R − OH + SOCl2 → R − Cl + SO2 (g) + HCl(g)
Among these methods, the reaction with thionyl chloride (SOCl2) is preferred, since the byproducts are gases and are easily escaped from the reaction medium.
Among the Haloalkanes and Haloarenes, the preparation of aryl halide from phenols becomes difficult since the carbon-oxygen bond in phenols has a partial double bond character and hence is difficult to break.
- From Hydrocarbons:
(a) By free radical halogenation: Free radical chlorination or bromination of alkanes in presence of light gives a complex mixture of isomeric mono- and polyhaloalkanes, which is difficult to separate as pure compounds. Consequently, the yield of any one compound is low.
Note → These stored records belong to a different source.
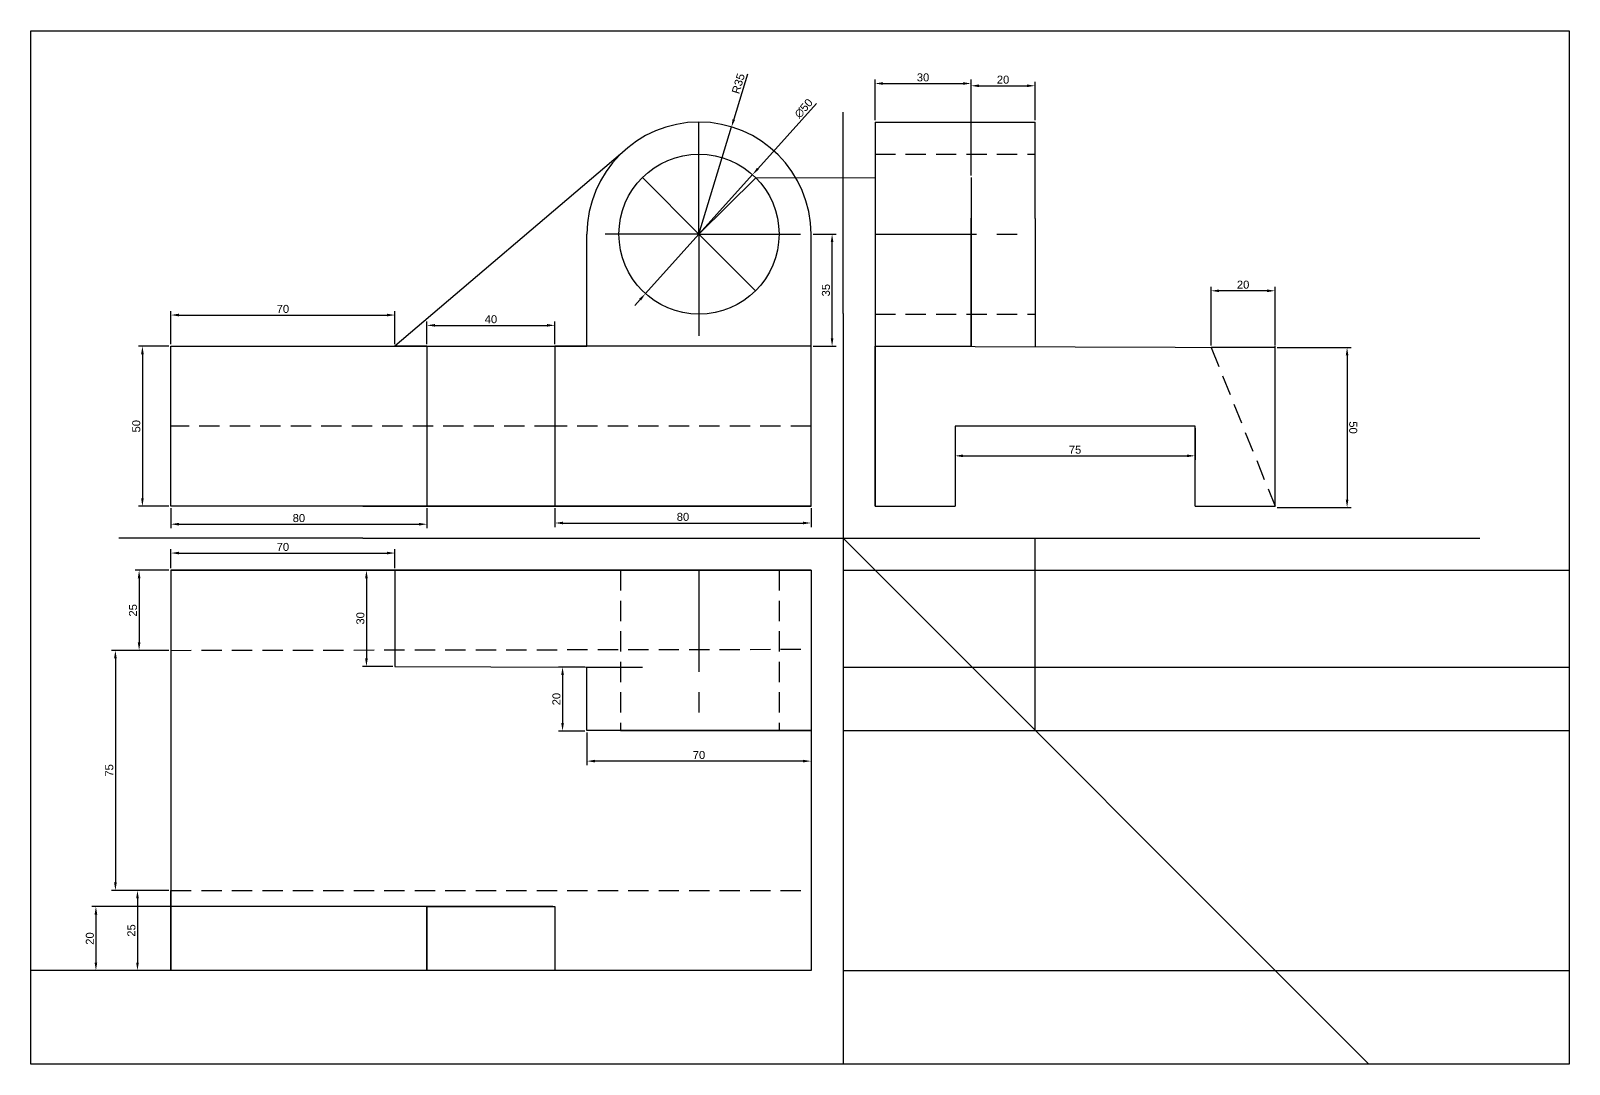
# Model space of a CAD drawing. Header units: millimetres. Extents: x 2310 to 3342, y 1759 to 2090.
# Drawn here: x 2310.2 to 2790.9, y 1767.3 to 2090.1 of the extents above; entities that cross this region are included whole.
import ezdxf

# ---------------------------------------------------------------- set-up
doc = ezdxf.new("R2010")
doc.units = ezdxf.units.MM
doc.linetypes.add('CENTER', pattern=[50.8, 31.75, -6.35, 6.35, -6.35])
doc.linetypes.add('HIDDEN', pattern=[9.525, 6.35, -3.175])
doc.styles.get("Standard").update_dxf_attribs({"font": 'arial.ttf'})
doc.dimstyles.new('ISO-25', dxfattribs={"dimtxt": 2.5, "dimasz": 2.5, "dimexe": 1.25, "dimexo": 0.625, "dimtad": 1, "dimtxsty": 'Standard', "dimcen": 2.5, "dimadec": 0, "dimazin": 0, "dimtfac": 1, "dimtmove": 0, "dimatfit": 3, "dimfxl": 1, "dimarcsym": 0})

# ---------------------------------------------------------------- blocks, each defined once
blk = doc.blocks.new('*D22')
at = {"color": 0, "lineweight": -2, "transparency": 16777216}
for p, q in [((2353.35, 1991.56), (2343.82, 1991.56)), ((2345.07, 1989.06), (2345.07, 1944.06)), ((2353.35, 1941.56), (2343.82, 1941.56))]:
    blk.add_line(p, q, dxfattribs=at)
at = {"color": 0, "transparency": 16777216}
for points in [[(2344.66, 1989.06), (2345.49, 1989.06), (2345.07, 1991.56)], [(2344.66, 1944.06), (2345.49, 1944.06), (2345.07, 1941.56)]]:
    blk.add_solid(points, dxfattribs=at)
at = {"layer": 'Defpoints', "color": 0, "transparency": 16777216}
for p in [(2353.97, 1991.56), (2345.07, 1941.56), (2353.97, 1941.56)]:
    blk.add_point(p, dxfattribs=at)
at = {"color": 0, "transparency": 16777216, "insert": (2343.17, 1966.56), "char_height": 2.5, "attachment_point": 5, "rotation": 90}
blk.add_mtext('50', dxfattribs=at)
blk = doc.blocks.new('*D23')
at = {"color": 0, "lineweight": -2, "transparency": 16777216}
for p, q in [((2353.97, 1992.19), (2353.97, 2002.54)), ((2356.47, 2001.29), (2421.47, 2001.29)), ((2423.97, 1992.19), (2423.97, 2002.54))]:
    blk.add_line(p, q, dxfattribs=at)
at = {"color": 0, "transparency": 16777216}
for points in [[(2356.47, 2001.71), (2356.47, 2000.87), (2353.97, 2001.29)], [(2421.47, 2001.71), (2421.47, 2000.87), (2423.97, 2001.29)]]:
    blk.add_solid(points, dxfattribs=at)
at = {"layer": 'Defpoints', "color": 0, "transparency": 16777216}
for p in [(2423.97, 2001.29), (2353.97, 1991.56), (2423.97, 1991.56)]:
    blk.add_point(p, dxfattribs=at)
at = {"color": 0, "transparency": 16777216, "insert": (2388.97, 2003.19), "char_height": 2.5, "attachment_point": 5}
blk.add_mtext('70', dxfattribs=at)
blk = doc.blocks.new('*D24')
at = {"color": 0, "lineweight": -2, "transparency": 16777216}
for p, q in [((2555.67, 2067.32), (2537.37, 2047)), ((2502.24, 2007.98), (2535.7, 2045.14)), ((2500.57, 2006.13), (2498.9, 2004.27))]:
    blk.add_line(p, q, dxfattribs=at)
at = {"color": 0, "transparency": 16777216}
for points in [[(2537.07, 2047.28), (2537.68, 2046.72), (2535.7, 2045.14)], [(2500.26, 2006.4), (2500.88, 2005.85), (2502.24, 2007.98)]]:
    blk.add_solid(points, dxfattribs=at)
at = {"layer": 'Defpoints', "color": 0, "transparency": 16777216}
for p in [(2535.7, 2045.14), (2502.24, 2007.98)]:
    blk.add_point(p, dxfattribs=at)
at = {"color": 0, "transparency": 16777216, "insert": (2551.68, 2065.83), "char_height": 2.5, "attachment_point": 5, "rotation": 47.9994}
blk.add_mtext('∅50', dxfattribs=at)
blk = doc.blocks.new('*D25')
at = {"color": 0, "lineweight": -2, "transparency": 16777216}
for p, q in [((2534.13, 2076.49), (2529.87, 2062.44)), ((2518.97, 2026.56), (2529.14, 2060.05))]:
    blk.add_line(p, q, dxfattribs=at)
at = {"color": 0, "transparency": 16777216}
blk.add_solid([(2529.47, 2062.57), (2530.27, 2062.32), (2529.14, 2060.05)], dxfattribs=at)
at = {"layer": 'Defpoints', "color": 0, "transparency": 16777216}
for p in [(2529.14, 2060.05), (2518.97, 2026.56)]:
    blk.add_point(p, dxfattribs=at)
at = {"color": 0, "transparency": 16777216, "insert": (2531.26, 2073.58), "char_height": 2.5, "attachment_point": 5, "rotation": 73.1103}
blk.add_mtext('R35', dxfattribs=at)
blk = doc.blocks.new('*D26')
at = {"color": 0, "lineweight": -2, "transparency": 16777216}
for p, q in [((2433.97, 1992.19), (2433.97, 1999.32)), ((2436.47, 1998.07), (2471.47, 1998.07)), ((2473.97, 1992.19), (2473.97, 1999.32))]:
    blk.add_line(p, q, dxfattribs=at)
at = {"color": 0, "transparency": 16777216}
for points in [[(2436.47, 1998.49), (2436.47, 1997.66), (2433.97, 1998.07)], [(2471.47, 1998.49), (2471.47, 1997.66), (2473.97, 1998.07)]]:
    blk.add_solid(points, dxfattribs=at)
at = {"layer": 'Defpoints', "color": 0, "transparency": 16777216}
for p in [(2473.97, 1998.07), (2433.97, 1991.56), (2473.97, 1991.56)]:
    blk.add_point(p, dxfattribs=at)
at = {"color": 0, "transparency": 16777216, "insert": (2453.97, 1999.97), "char_height": 2.5, "attachment_point": 5}
blk.add_mtext('40', dxfattribs=at)
blk = doc.blocks.new('*D27')
at = {"color": 0, "lineweight": -2, "transparency": 16777216}
for p, q in [((2353.97, 1940.94), (2353.97, 1934.71)), ((2433.97, 1940.94), (2433.97, 1934.71)), ((2356.47, 1935.96), (2431.47, 1935.96))]:
    blk.add_line(p, q, dxfattribs=at)
at = {"color": 0, "transparency": 16777216}
for points in [[(2356.47, 1936.38), (2356.47, 1935.54), (2353.97, 1935.96)], [(2431.47, 1936.38), (2431.47, 1935.54), (2433.97, 1935.96)]]:
    blk.add_solid(points, dxfattribs=at)
at = {"layer": 'Defpoints', "color": 0, "transparency": 16777216}
for p in [(2353.97, 1941.56), (2433.97, 1941.56), (2433.97, 1935.96)]:
    blk.add_point(p, dxfattribs=at)
at = {"color": 0, "transparency": 16777216, "insert": (2393.97, 1937.86), "char_height": 2.5, "attachment_point": 5}
blk.add_mtext('80', dxfattribs=at)
blk = doc.blocks.new('*D28')
at = {"color": 0, "lineweight": -2, "transparency": 16777216}
for p, q in [((2473.97, 1940.94), (2473.97, 1935.09)), ((2553.97, 1940.94), (2553.97, 1935.09)), ((2476.47, 1936.34), (2551.47, 1936.34))]:
    blk.add_line(p, q, dxfattribs=at)
at = {"color": 0, "transparency": 16777216}
for points in [[(2476.47, 1936.75), (2476.47, 1935.92), (2473.97, 1936.34)], [(2551.47, 1936.75), (2551.47, 1935.92), (2553.97, 1936.34)]]:
    blk.add_solid(points, dxfattribs=at)
at = {"layer": 'Defpoints', "color": 0, "transparency": 16777216}
for p in [(2473.97, 1941.56), (2553.97, 1941.56), (2553.97, 1936.34)]:
    blk.add_point(p, dxfattribs=at)
at = {"color": 0, "transparency": 16777216, "insert": (2513.97, 1938.24), "char_height": 2.5, "attachment_point": 5}
blk.add_mtext('80', dxfattribs=at)
blk = doc.blocks.new('*D29')
at = {"color": 0, "lineweight": -2, "transparency": 16777216}
for p, q in [((2554.6, 2026.56), (2561.8, 2026.56)), ((2560.55, 1994.06), (2560.55, 2024.06)), ((2554.6, 1991.56), (2561.8, 1991.56))]:
    blk.add_line(p, q, dxfattribs=at)
at = {"color": 0, "transparency": 16777216}
for points in [[(2560.13, 2024.06), (2560.96, 2024.06), (2560.55, 2026.56)], [(2560.13, 1994.06), (2560.96, 1994.06), (2560.55, 1991.56)]]:
    blk.add_solid(points, dxfattribs=at)
at = {"layer": 'Defpoints', "color": 0, "transparency": 16777216}
for p in [(2553.97, 2026.56), (2560.55, 2026.56), (2553.97, 1991.56)]:
    blk.add_point(p, dxfattribs=at)
at = {"color": 0, "transparency": 16777216, "insert": (2558.64, 2009.06), "char_height": 2.5, "attachment_point": 5, "rotation": 90}
blk.add_mtext('35', dxfattribs=at)
blk = doc.blocks.new('*D30')
at = {"color": 0, "lineweight": -2, "transparency": 16777216}
for p, q in [((2353.35, 1921.56), (2342.8, 1921.56)), ((2344.05, 1919.06), (2344.05, 1899.06)), ((2353.35, 1896.56), (2342.8, 1896.56))]:
    blk.add_line(p, q, dxfattribs=at)
at = {"color": 0, "transparency": 16777216}
for points in [[(2343.63, 1919.06), (2344.46, 1919.06), (2344.05, 1921.56)], [(2343.63, 1899.06), (2344.46, 1899.06), (2344.05, 1896.56)]]:
    blk.add_solid(points, dxfattribs=at)
at = {"layer": 'Defpoints', "color": 0, "transparency": 16777216}
for p in [(2353.97, 1921.56), (2344.05, 1896.56), (2353.97, 1896.56)]:
    blk.add_point(p, dxfattribs=at)
at = {"color": 0, "transparency": 16777216, "insert": (2342.15, 1909.06), "char_height": 2.5, "attachment_point": 5, "rotation": 90}
blk.add_mtext('25', dxfattribs=at)
blk = doc.blocks.new('*D31')
at = {"color": 0, "lineweight": -2, "transparency": 16777216}
for p, q in [((2353.35, 1821.56), (2342.29, 1821.56)), ((2343.54, 1819.06), (2343.54, 1799.06)), ((2353.35, 1796.56), (2342.29, 1796.56))]:
    blk.add_line(p, q, dxfattribs=at)
at = {"color": 0, "transparency": 16777216}
for points in [[(2343.12, 1819.06), (2343.95, 1819.06), (2343.54, 1821.56)], [(2343.12, 1799.06), (2343.95, 1799.06), (2343.54, 1796.56)]]:
    blk.add_solid(points, dxfattribs=at)
at = {"layer": 'Defpoints', "color": 0, "transparency": 16777216}
for p in [(2353.97, 1821.56), (2343.54, 1796.56), (2353.97, 1796.56)]:
    blk.add_point(p, dxfattribs=at)
at = {"color": 0, "transparency": 16777216, "insert": (2341.64, 1809.06), "char_height": 2.5, "attachment_point": 5, "rotation": 90}
blk.add_mtext('25', dxfattribs=at)
blk = doc.blocks.new('*D32')
at = {"color": 0, "lineweight": -2, "transparency": 16777216}
for p, q in [((2353.35, 1896.56), (2335.39, 1896.56)), ((2336.64, 1894.06), (2336.64, 1824.06)), ((2353.35, 1821.56), (2335.39, 1821.56))]:
    blk.add_line(p, q, dxfattribs=at)
at = {"color": 0, "transparency": 16777216}
for points in [[(2336.22, 1894.06), (2337.05, 1894.06), (2336.64, 1896.56)], [(2336.22, 1824.06), (2337.05, 1824.06), (2336.64, 1821.56)]]:
    blk.add_solid(points, dxfattribs=at)
at = {"layer": 'Defpoints', "color": 0, "transparency": 16777216}
for p in [(2353.97, 1896.56), (2336.64, 1821.56), (2353.97, 1821.56)]:
    blk.add_point(p, dxfattribs=at)
at = {"color": 0, "transparency": 16777216, "insert": (2334.74, 1859.06), "char_height": 2.5, "attachment_point": 5, "rotation": 90}
blk.add_mtext('75', dxfattribs=at)
blk = doc.blocks.new('*D33')
at = {"color": 0, "lineweight": -2, "transparency": 16777216}
for p, q in [((2423.35, 1921.56), (2413.83, 1921.56)), ((2415.08, 1919.06), (2415.08, 1894.06)), ((2423.35, 1891.56), (2413.83, 1891.56))]:
    blk.add_line(p, q, dxfattribs=at)
at = {"color": 0, "transparency": 16777216}
for points in [[(2414.66, 1919.06), (2415.49, 1919.06), (2415.08, 1921.56)], [(2414.66, 1894.06), (2415.49, 1894.06), (2415.08, 1891.56)]]:
    blk.add_solid(points, dxfattribs=at)
at = {"layer": 'Defpoints', "color": 0, "transparency": 16777216}
for p in [(2423.97, 1921.56), (2415.08, 1891.56), (2423.97, 1891.56)]:
    blk.add_point(p, dxfattribs=at)
at = {"color": 0, "transparency": 16777216, "insert": (2413.18, 1906.56), "char_height": 2.5, "attachment_point": 5, "rotation": 90}
blk.add_mtext('30', dxfattribs=at)
blk = doc.blocks.new('*D34')
at = {"color": 0, "lineweight": -2, "transparency": 16777216}
for p, q in [((2353.97, 1922.19), (2353.97, 1928.2)), ((2423.97, 1922.19), (2423.97, 1928.2)), ((2356.47, 1926.95), (2421.47, 1926.95))]:
    blk.add_line(p, q, dxfattribs=at)
at = {"color": 0, "transparency": 16777216}
for points in [[(2356.47, 1927.37), (2356.47, 1926.54), (2353.97, 1926.95)], [(2421.47, 1927.37), (2421.47, 1926.54), (2423.97, 1926.95)]]:
    blk.add_solid(points, dxfattribs=at)
at = {"layer": 'Defpoints', "color": 0, "transparency": 16777216}
for p in [(2423.97, 1926.95), (2353.97, 1921.56), (2423.97, 1921.56)]:
    blk.add_point(p, dxfattribs=at)
at = {"color": 0, "transparency": 16777216, "insert": (2388.97, 1928.85), "char_height": 2.5, "attachment_point": 5}
blk.add_mtext('70', dxfattribs=at)
blk = doc.blocks.new('*D35')
at = {"color": 0, "lineweight": -2, "transparency": 16777216}
for p, q in [((2483.97, 1870.94), (2483.97, 1860.72)), ((2553.97, 1870.94), (2553.97, 1860.72)), ((2551.47, 1861.97), (2486.47, 1861.97))]:
    blk.add_line(p, q, dxfattribs=at)
at = {"color": 0, "transparency": 16777216}
for points in [[(2486.47, 1862.38), (2486.47, 1861.55), (2483.97, 1861.97)], [(2551.47, 1862.38), (2551.47, 1861.55), (2553.97, 1861.97)]]:
    blk.add_solid(points, dxfattribs=at)
at = {"layer": 'Defpoints', "color": 0, "transparency": 16777216}
for p in [(2483.97, 1871.56), (2553.97, 1871.56), (2483.97, 1861.97)]:
    blk.add_point(p, dxfattribs=at)
at = {"color": 0, "transparency": 16777216, "insert": (2518.97, 1863.87), "char_height": 2.5, "attachment_point": 5}
blk.add_mtext('70', dxfattribs=at)
blk = doc.blocks.new('*D36')
at = {"color": 0, "lineweight": -2, "transparency": 16777216}
for p, q in [((2483.35, 1891.34), (2475.09, 1891.34)), ((2476.34, 1888.84), (2476.34, 1873.84)), ((2483.35, 1871.34), (2475.09, 1871.34))]:
    blk.add_line(p, q, dxfattribs=at)
at = {"color": 0, "transparency": 16777216}
for points in [[(2475.93, 1888.84), (2476.76, 1888.84), (2476.34, 1891.34)], [(2475.93, 1873.84), (2476.76, 1873.84), (2476.34, 1871.34)]]:
    blk.add_solid(points, dxfattribs=at)
at = {"layer": 'Defpoints', "color": 0, "transparency": 16777216}
for p in [(2483.97, 1891.34), (2476.34, 1871.34), (2483.97, 1871.34)]:
    blk.add_point(p, dxfattribs=at)
at = {"color": 0, "transparency": 16777216, "insert": (2474.44, 1881.34), "char_height": 2.5, "attachment_point": 5, "rotation": 90}
blk.add_mtext('20', dxfattribs=at)
blk = doc.blocks.new('*D37')
at = {"color": 0, "lineweight": -2, "transparency": 16777216}
for p, q in [((2573.97, 2062.19), (2573.97, 2074.86)), ((2576.47, 2073.61), (2601.47, 2073.61)), ((2603.97, 2044.86), (2603.97, 2074.86))]:
    blk.add_line(p, q, dxfattribs=at)
at = {"color": 0, "transparency": 16777216}
for points in [[(2576.47, 2074.03), (2576.47, 2073.19), (2573.97, 2073.61)], [(2601.47, 2074.03), (2601.47, 2073.19), (2603.97, 2073.61)]]:
    blk.add_solid(points, dxfattribs=at)
at = {"layer": 'Defpoints', "color": 0, "transparency": 16777216}
for p in [(2603.97, 2073.61), (2573.97, 2061.56), (2603.97, 2044.24)]:
    blk.add_point(p, dxfattribs=at)
at = {"color": 0, "transparency": 16777216, "insert": (2588.97, 2075.51), "char_height": 2.5, "attachment_point": 5}
blk.add_mtext('30', dxfattribs=at)
blk = doc.blocks.new('*D38')
at = {"color": 0, "lineweight": -2, "transparency": 16777216}
for p, q in [((2603.97, 2044.86), (2603.97, 2074.15)), ((2606.47, 2072.9), (2621.47, 2072.9)), ((2623.97, 2062.19), (2623.97, 2074.15))]:
    blk.add_line(p, q, dxfattribs=at)
at = {"color": 0, "transparency": 16777216}
for points in [[(2606.47, 2073.32), (2606.47, 2072.49), (2603.97, 2072.9)], [(2621.47, 2073.32), (2621.47, 2072.49), (2623.97, 2072.9)]]:
    blk.add_solid(points, dxfattribs=at)
at = {"layer": 'Defpoints', "color": 0, "transparency": 16777216}
for p in [(2623.97, 2072.9), (2623.97, 2061.56), (2603.97, 2044.24)]:
    blk.add_point(p, dxfattribs=at)
at = {"color": 0, "transparency": 16777216, "insert": (2613.97, 2074.8), "char_height": 2.5, "attachment_point": 5}
blk.add_mtext('20', dxfattribs=at)
blk = doc.blocks.new('*D39')
at = {"color": 0, "lineweight": -2, "transparency": 16777216}
for p, q in [((2699.6, 1991.16), (2722.71, 1991.16)), ((2721.46, 1988.66), (2721.46, 1943.66)), ((2699.6, 1941.16), (2722.71, 1941.16))]:
    blk.add_line(p, q, dxfattribs=at)
at = {"color": 0, "transparency": 16777216}
for points in [[(2721.87, 1988.66), (2721.04, 1988.66), (2721.46, 1991.16)], [(2721.87, 1943.66), (2721.04, 1943.66), (2721.46, 1941.16)]]:
    blk.add_solid(points, dxfattribs=at)
at = {"layer": 'Defpoints', "color": 0, "transparency": 16777216}
for p in [(2698.97, 1991.16), (2698.97, 1941.16), (2721.46, 1941.16)]:
    blk.add_point(p, dxfattribs=at)
at = {"color": 0, "transparency": 16777216, "insert": (2723.36, 1966.16), "char_height": 2.5, "attachment_point": 5, "rotation": 270.0008}
blk.add_mtext('50', dxfattribs=at)
blk = doc.blocks.new('*D40')
at = {"color": 0, "lineweight": -2, "transparency": 16777216}
for p, q in [((2678.97, 1991.78), (2678.97, 2010.12)), ((2698.97, 1991.78), (2698.97, 2010.12)), ((2696.47, 2008.87), (2681.47, 2008.87))]:
    blk.add_line(p, q, dxfattribs=at)
at = {"color": 0, "transparency": 16777216}
for points in [[(2681.47, 2009.28), (2681.47, 2008.45), (2678.97, 2008.87)], [(2696.47, 2009.28), (2696.47, 2008.45), (2698.97, 2008.87)]]:
    blk.add_solid(points, dxfattribs=at)
at = {"layer": 'Defpoints', "color": 0, "transparency": 16777216}
for p in [(2678.97, 2008.87), (2678.97, 1991.16), (2698.97, 1991.16)]:
    blk.add_point(p, dxfattribs=at)
at = {"color": 0, "transparency": 16777216, "insert": (2688.97, 2010.77), "char_height": 2.5, "attachment_point": 5}
blk.add_mtext('20', dxfattribs=at)
blk = doc.blocks.new('*D41')
at = {"color": 0, "lineweight": -2, "transparency": 16777216}
for p, q in [((2473.35, 1816.56), (2329.3, 1816.56)), ((2330.55, 1814.06), (2330.55, 1799.06)), ((2473.35, 1796.56), (2329.3, 1796.56))]:
    blk.add_line(p, q, dxfattribs=at)
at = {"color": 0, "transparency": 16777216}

CH4 + Cl2 → CH3Cl + CH2Cl2 + CHCl3 + CCl4
- Order of ease of replacement of a hydrogen atom is:
Tertiary > Secondary > Primary > CH4
- Iodination is also difficult because of the low reactivity of iodine. Secondly, HI which is formed during the reaction is a strong reducing agent and reduces alkyl iodide back to hydrocarbon. Thus, iodination can only be carried out in the presence of oxidizing agents like HNO3, HIO3, or HIO4. These oxidizing agents react with HI and oxidize it to iodine thus preventing the reverse reaction.
CH3CH3 + I2 → CH3CH2I + HI
5HI + HIO3 → 3I2 + 3H2O
- From alkenes:
- a). Addition of hydrogen halides: An alkene is converted to a corresponding alkyl halide by reaction with hydrogen chloride, hydrogen bromide, or hydrogen iodide.
CH2=CH2 + HBr → CH3 — CH2Br + HBr
In the case of unsymmetrical alkenes, the addition takes place according to Markownikoff’s rule. [The rule states that “when an unsymmetrical reagent is added to an unsymmetrical alkene, the negative part of the addendum (adding molecule) gets attached to the carbon-containing a lesser number of hydrogen atoms”)
CH3-CH=CH2 + HBr → CH3-CH2-CH2Br + CH3-CHBr-CH3
(minor) (major)
b). Addition of Halogen: Alkenes add halogen to form vicinal dihalides (2 halogen atoms on adjacent C atoms). For e.g. addition of bromine in CCl4 to an alkene results in the formation of vicinal dibromides and also in the discharge of the reddish-brown colour of Br2 in CCl4. So this is used as a test for unsaturation.
CH2=CH2 + Br2 → CH2Br – CH2Br
(1,2-dibromoethane)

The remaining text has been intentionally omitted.